**Task to complete**. Only one portion of the data is to be written out: from the line bearing "#61=LINE('',#60,#59);" through the line bearing "#91=FACE_BOUND('',#90,.T.);". Write it exactly as it appears.

Stored records
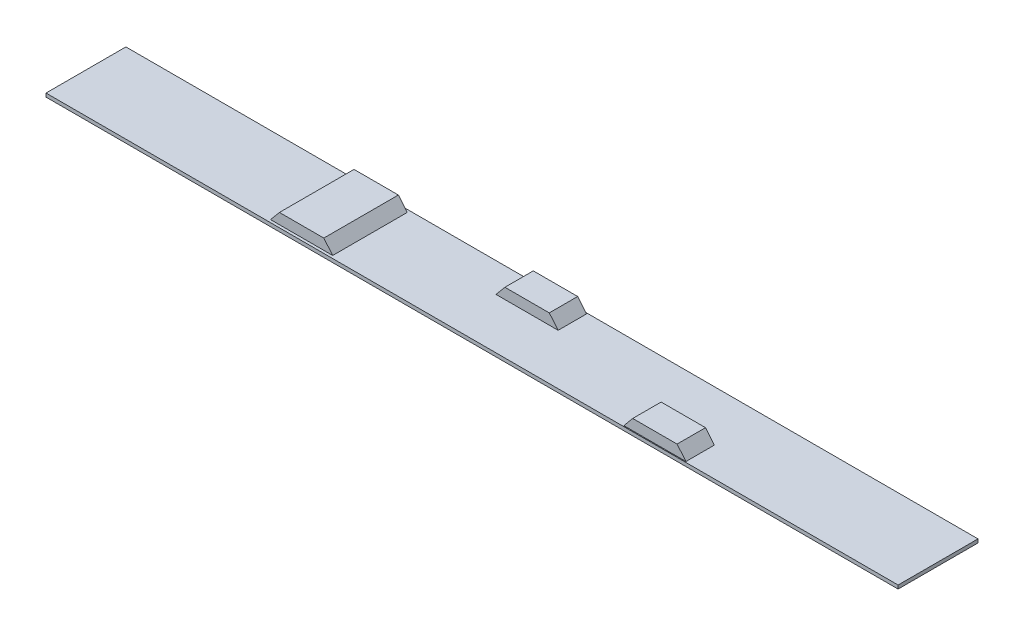
ISO-10303-21;
HEADER;
FILE_DESCRIPTION(('STEP AP214'),'2;1');
FILE_NAME('part.step','',(''),(''),'','','');
FILE_SCHEMA(('AUTOMOTIVE_DESIGN { 1 0 10303 214 1 1 1 1 }'));
ENDSEC;
DATA;
#1=APPLICATION_CONTEXT('core data for automotive mechanical design processes');
#2=APPLICATION_PROTOCOL_DEFINITION('international standard','automotive_design',2000,#1);
#3=PRODUCT_CONTEXT('',#1,'mechanical');
#4=PRODUCT('Part','Part','',(#3));
#5=PRODUCT_RELATED_PRODUCT_CATEGORY('part','',(#4));
#6=PRODUCT_DEFINITION_FORMATION('','',#4);
#7=PRODUCT_DEFINITION_CONTEXT('part definition',#1,'design');
#8=PRODUCT_DEFINITION('design','',#6,#7);
#9=PRODUCT_DEFINITION_SHAPE('','',#8);
#10=(LENGTH_UNIT() NAMED_UNIT(*) SI_UNIT(.MILLI.,.METRE.));
#11=(NAMED_UNIT(*) PLANE_ANGLE_UNIT() SI_UNIT($,.RADIAN.));
#12=(NAMED_UNIT(*) SI_UNIT($,.STERADIAN.) SOLID_ANGLE_UNIT());
#13=UNCERTAINTY_MEASURE_WITH_UNIT(LENGTH_MEASURE(1.E-05),#10,'distance_accuracy_value','');
#14=(GEOMETRIC_REPRESENTATION_CONTEXT(3) GLOBAL_UNCERTAINTY_ASSIGNED_CONTEXT((#13)) GLOBAL_UNIT_ASSIGNED_CONTEXT((#10,
#11,#12)) REPRESENTATION_CONTEXT('',''));
#15=CARTESIAN_POINT('',(0.,0.,0.));
#16=DIRECTION('',(0.,0.,1.));
#17=DIRECTION('',(1.,0.,0.));
#18=AXIS2_PLACEMENT_3D('',#15,#16,#17);
#19=CARTESIAN_POINT('',(0.,10.,0.));
#20=DIRECTION('',(0.,-1.,0.));
#21=DIRECTION('',(0.,0.,-1.));
#22=AXIS2_PLACEMENT_3D('',#19,#20,#21);
#23=PLANE('',#22);
#24=DIRECTION('',(1.,0.,0.));
#25=VECTOR('',#24,1.);
#26=CARTESIAN_POINT('',(425.,10.,110.));
#27=LINE('',#26,#25);
#28=CARTESIAN_POINT('',(425.,10.,110.));
#29=VERTEX_POINT('',#28);
#30=CARTESIAN_POINT('',(600.,10.0000000000001,110.));
#31=VERTEX_POINT('',#30);
#32=EDGE_CURVE('E214',#29,#31,#27,.T.);
#33=ORIENTED_EDGE('',*,*,#32,.F.);
#34=DIRECTION('',(0.,0.,-1.));
#35=VECTOR('',#34,1.);
#36=CARTESIAN_POINT('',(425.,10.,110.));
#37=LINE('',#36,#35);
#38=CARTESIAN_POINT('',(425.,10.,30.));
#39=VERTEX_POINT('',#38);
#40=EDGE_CURVE('E224',#29,#39,#37,.T.);
#41=ORIENTED_EDGE('',*,*,#40,.T.);
#42=DIRECTION('',(1.,0.,0.));
#43=VECTOR('',#42,1.);
#44=CARTESIAN_POINT('',(425.,10.,30.));
#45=LINE('',#44,#43);
#46=CARTESIAN_POINT('',(600.,10.,30.));
#47=VERTEX_POINT('',#46);
#48=EDGE_CURVE('E213',#39,#47,#45,.T.);
#49=ORIENTED_EDGE('',*,*,#48,.T.);
#50=DIRECTION('',(0.,0.,-1.));
#51=VECTOR('',#50,1.);
#52=CARTESIAN_POINT('',(600.,10.0000000000001,110.));
#53=LINE('',#52,#51);
#54=EDGE_CURVE('E240',#31,#47,#53,.T.);
#55=ORIENTED_EDGE('',*,*,#54,.F.);
#56=EDGE_LOOP('',(#33,#41,#49,#55));
#57=FACE_BOUND('',#56,.T.);
#58=DIRECTION('',(0.,0.,-1.));
#59=VECTOR('',#58,1.);
#60=CARTESIAN_POINT('',(1200.,10.,112.5));
#61=LINE('',#60,#59);
#62=CARTESIAN_POINT('',(1200.,10.,112.5));
#63=VERTEX_POINT('',#62);
#64=CARTESIAN_POINT('',(1200.,10.,-112.5));
#65=VERTEX_POINT('',#64);
#66=EDGE_CURVE('E243',#63,#65,#61,.T.);
#67=ORIENTED_EDGE('',*,*,#66,.T.);
#68=DIRECTION('',(-1.,0.,0.));
#69=VECTOR('',#68,1.);
#70=CARTESIAN_POINT('',(-1200.,10.,-112.5));
#71=LINE('',#70,#69);
#72=CARTESIAN_POINT('',(-1200.,10.,-112.5));
#73=VERTEX_POINT('',#72);
#74=EDGE_CURVE('E246',#65,#73,#71,.T.);
#75=ORIENTED_EDGE('',*,*,#74,.T.);
#76=DIRECTION('',(0.,0.,1.));
#77=VECTOR('',#76,1.);
#78=CARTESIAN_POINT('',(-1200.,10.,112.5));
#79=LINE('',#78,#77);
#80=CARTESIAN_POINT('',(-1200.,10.,112.5));
#81=VERTEX_POINT('',#80);
#82=EDGE_CURVE('E249',#73,#81,#79,.T.);
#83=ORIENTED_EDGE('',*,*,#82,.T.);
#84=DIRECTION('',(1.,0.,0.));
#85=VECTOR('',#84,1.);
#86=CARTESIAN_POINT('',(-1200.,10.,112.5));
#87=LINE('',#86,#85);
#88=EDGE_CURVE('E251',#81,#63,#87,.T.);
#89=ORIENTED_EDGE('',*,*,#88,.T.);
#90=EDGE_LOOP('',(#67,#75,#83,#89));
#91=FACE_BOUND('',#90,.T.);
#92=DIRECTION('',(0.,0.,-1.));
#93=VECTOR('',#92,1.);
#94=CARTESIAN_POINT('',(99.9999999999999,9.99999999999662,-30.));
#95=LINE('',#94,#93);
#96=CARTESIAN_POINT('',(99.999999999997,10.,-30.));
#97=VERTEX_POINT('',#96);
#98=CARTESIAN_POINT('',(99.9999999999999,10.,-110.));
#99=VERTEX_POINT('',#98);
#100=EDGE_CURVE('E56',#97,#99,#95,.T.);
#101=ORIENTED_EDGE('',*,*,#100,.F.);
#102=DIRECTION('',(1.,0.,0.));
#103=VECTOR('',#102,1.);
#104=CARTESIAN_POINT('',(-75.0000000000001,9.99999999999653,-30.));
#105=LINE('',#104,#103);
#106=CARTESIAN_POINT('',(-74.9999999999972,10.,-30.));
#107=VERTEX_POINT('',#106);
#108=EDGE_CURVE('E186',#107,#97,#105,.T.);
#109=ORIENTED_EDGE('',*,*,#108,.F.);
#110=DIRECTION('',(0.,0.,-1.));
#111=VECTOR('',#110,1.);
#112=CARTESIAN_POINT('',(-75.0000000000001,9.99999999999653,-30.));
#113=LINE('',#112,#111);
#114=CARTESIAN_POINT('',(-75.0000000000001,9.99999999999653,-110.));
#115=VERTEX_POINT('',#114);
#116=EDGE_CURVE('E197',#107,#115,#113,.T.);
#117=ORIENTED_EDGE('',*,*,#116,.T.);
#118=DIRECTION('',(1.,0.,0.));
#119=VECTOR('',#118,1.);
#120=CARTESIAN_POINT('',(-75.0000000000001,9.99999999999653,-110.));
#121=LINE('',#120,#119);
#122=EDGE_CURVE('E181',#115,#99,#121,.T.);
#123=ORIENTED_EDGE('',*,*,#122,.T.);
#124=EDGE_LOOP('',(#101,#109,#117,#123));
#125=FACE_BOUND('',#124,.T.);
#126=DIRECTION('',(1.,0.,0.));
#127=VECTOR('',#126,1.);
#128=CARTESIAN_POINT('',(-575.,9.99999999999304,-105.));
#129=LINE('',#128,#127);
#130=CARTESIAN_POINT('',(-575.,9.99999999999304,-105.));
#131=VERTEX_POINT('',#130);
#132=CARTESIAN_POINT('',(-400.,9.99999999999313,-105.));
#133=VERTEX_POINT('',#132);
#134=EDGE_CURVE('E174',#131,#133,#129,.T.);
#135=ORIENTED_EDGE('',*,*,#134,.T.);
#136=DIRECTION('',(0.,0.,1.));
#137=VECTOR('',#136,1.);
#138=CARTESIAN_POINT('',(-400.,9.99999999999313,-105.));
#139=LINE('',#138,#137);
#140=CARTESIAN_POINT('',(-400.,9.99999999999313,105.));
#141=VERTEX_POINT('',#140);
#142=EDGE_CURVE('E182',#133,#141,#139,.T.);
#143=ORIENTED_EDGE('',*,*,#142,.T.);
#144=DIRECTION('',(1.,0.,0.));
#145=VECTOR('',#144,1.);
#146=CARTESIAN_POINT('',(-575.,9.99999999999304,105.));
#147=LINE('',#146,#145);
#148=CARTESIAN_POINT('',(-575.,10.,105.));
#149=VERTEX_POINT('',#148);
#150=EDGE_CURVE('E161',#149,#141,#147,.T.);
#151=ORIENTED_EDGE('',*,*,#150,.F.);
#152=DIRECTION('',(0.,0.,1.));
#153=VECTOR('',#152,1.);
#154=CARTESIAN_POINT('',(-575.,9.99999999999304,-105.));
#155=LINE('',#154,#153);
#156=EDGE_CURVE('E155',#131,#149,#155,.T.);
#157=ORIENTED_EDGE('',*,*,#156,.F.);
#158=EDGE_LOOP('',(#135,#143,#151,#157));
#159=FACE_BOUND('',#158,.T.);
#160=ADVANCED_FACE('F33',(#57,#91,#125,#159),#23,.F.);
#161=CARTESIAN_POINT('',(1200.,10.,112.5));
#162=DIRECTION('',(-1.,0.,0.));
#163=DIRECTION('',(0.,0.,1.));
#164=AXIS2_PLACEMENT_3D('',#161,#162,#163);
#165=PLANE('',#164);
#166=DIRECTION('',(0.,0.,-1.));
#167=VECTOR('',#166,1.);
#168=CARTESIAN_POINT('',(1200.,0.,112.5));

**Response to this task**.
#61=LINE('',#60,#59);
#62=CARTESIAN_POINT('',(1200.,10.,112.5));
#63=VERTEX_POINT('',#62);
#64=CARTESIAN_POINT('',(1200.,10.,-112.5));
#65=VERTEX_POINT('',#64);
#66=EDGE_CURVE('E243',#63,#65,#61,.T.);
#67=ORIENTED_EDGE('',*,*,#66,.T.);
#68=DIRECTION('',(-1.,0.,0.));
#69=VECTOR('',#68,1.);
#70=CARTESIAN_POINT('',(-1200.,10.,-112.5));
#71=LINE('',#70,#69);
#72=CARTESIAN_POINT('',(-1200.,10.,-112.5));
#73=VERTEX_POINT('',#72);
#74=EDGE_CURVE('E246',#65,#73,#71,.T.);
#75=ORIENTED_EDGE('',*,*,#74,.T.);
#76=DIRECTION('',(0.,0.,1.));
#77=VECTOR('',#76,1.);
#78=CARTESIAN_POINT('',(-1200.,10.,112.5));
#79=LINE('',#78,#77);
#80=CARTESIAN_POINT('',(-1200.,10.,112.5));
#81=VERTEX_POINT('',#80);
#82=EDGE_CURVE('E249',#73,#81,#79,.T.);
#83=ORIENTED_EDGE('',*,*,#82,.T.);
#84=DIRECTION('',(1.,0.,0.));
#85=VECTOR('',#84,1.);
#86=CARTESIAN_POINT('',(-1200.,10.,112.5));
#87=LINE('',#86,#85);
#88=EDGE_CURVE('E251',#81,#63,#87,.T.);
#89=ORIENTED_EDGE('',*,*,#88,.T.);
#90=EDGE_LOOP('',(#67,#75,#83,#89));
#91=FACE_BOUND('',#90,.T.);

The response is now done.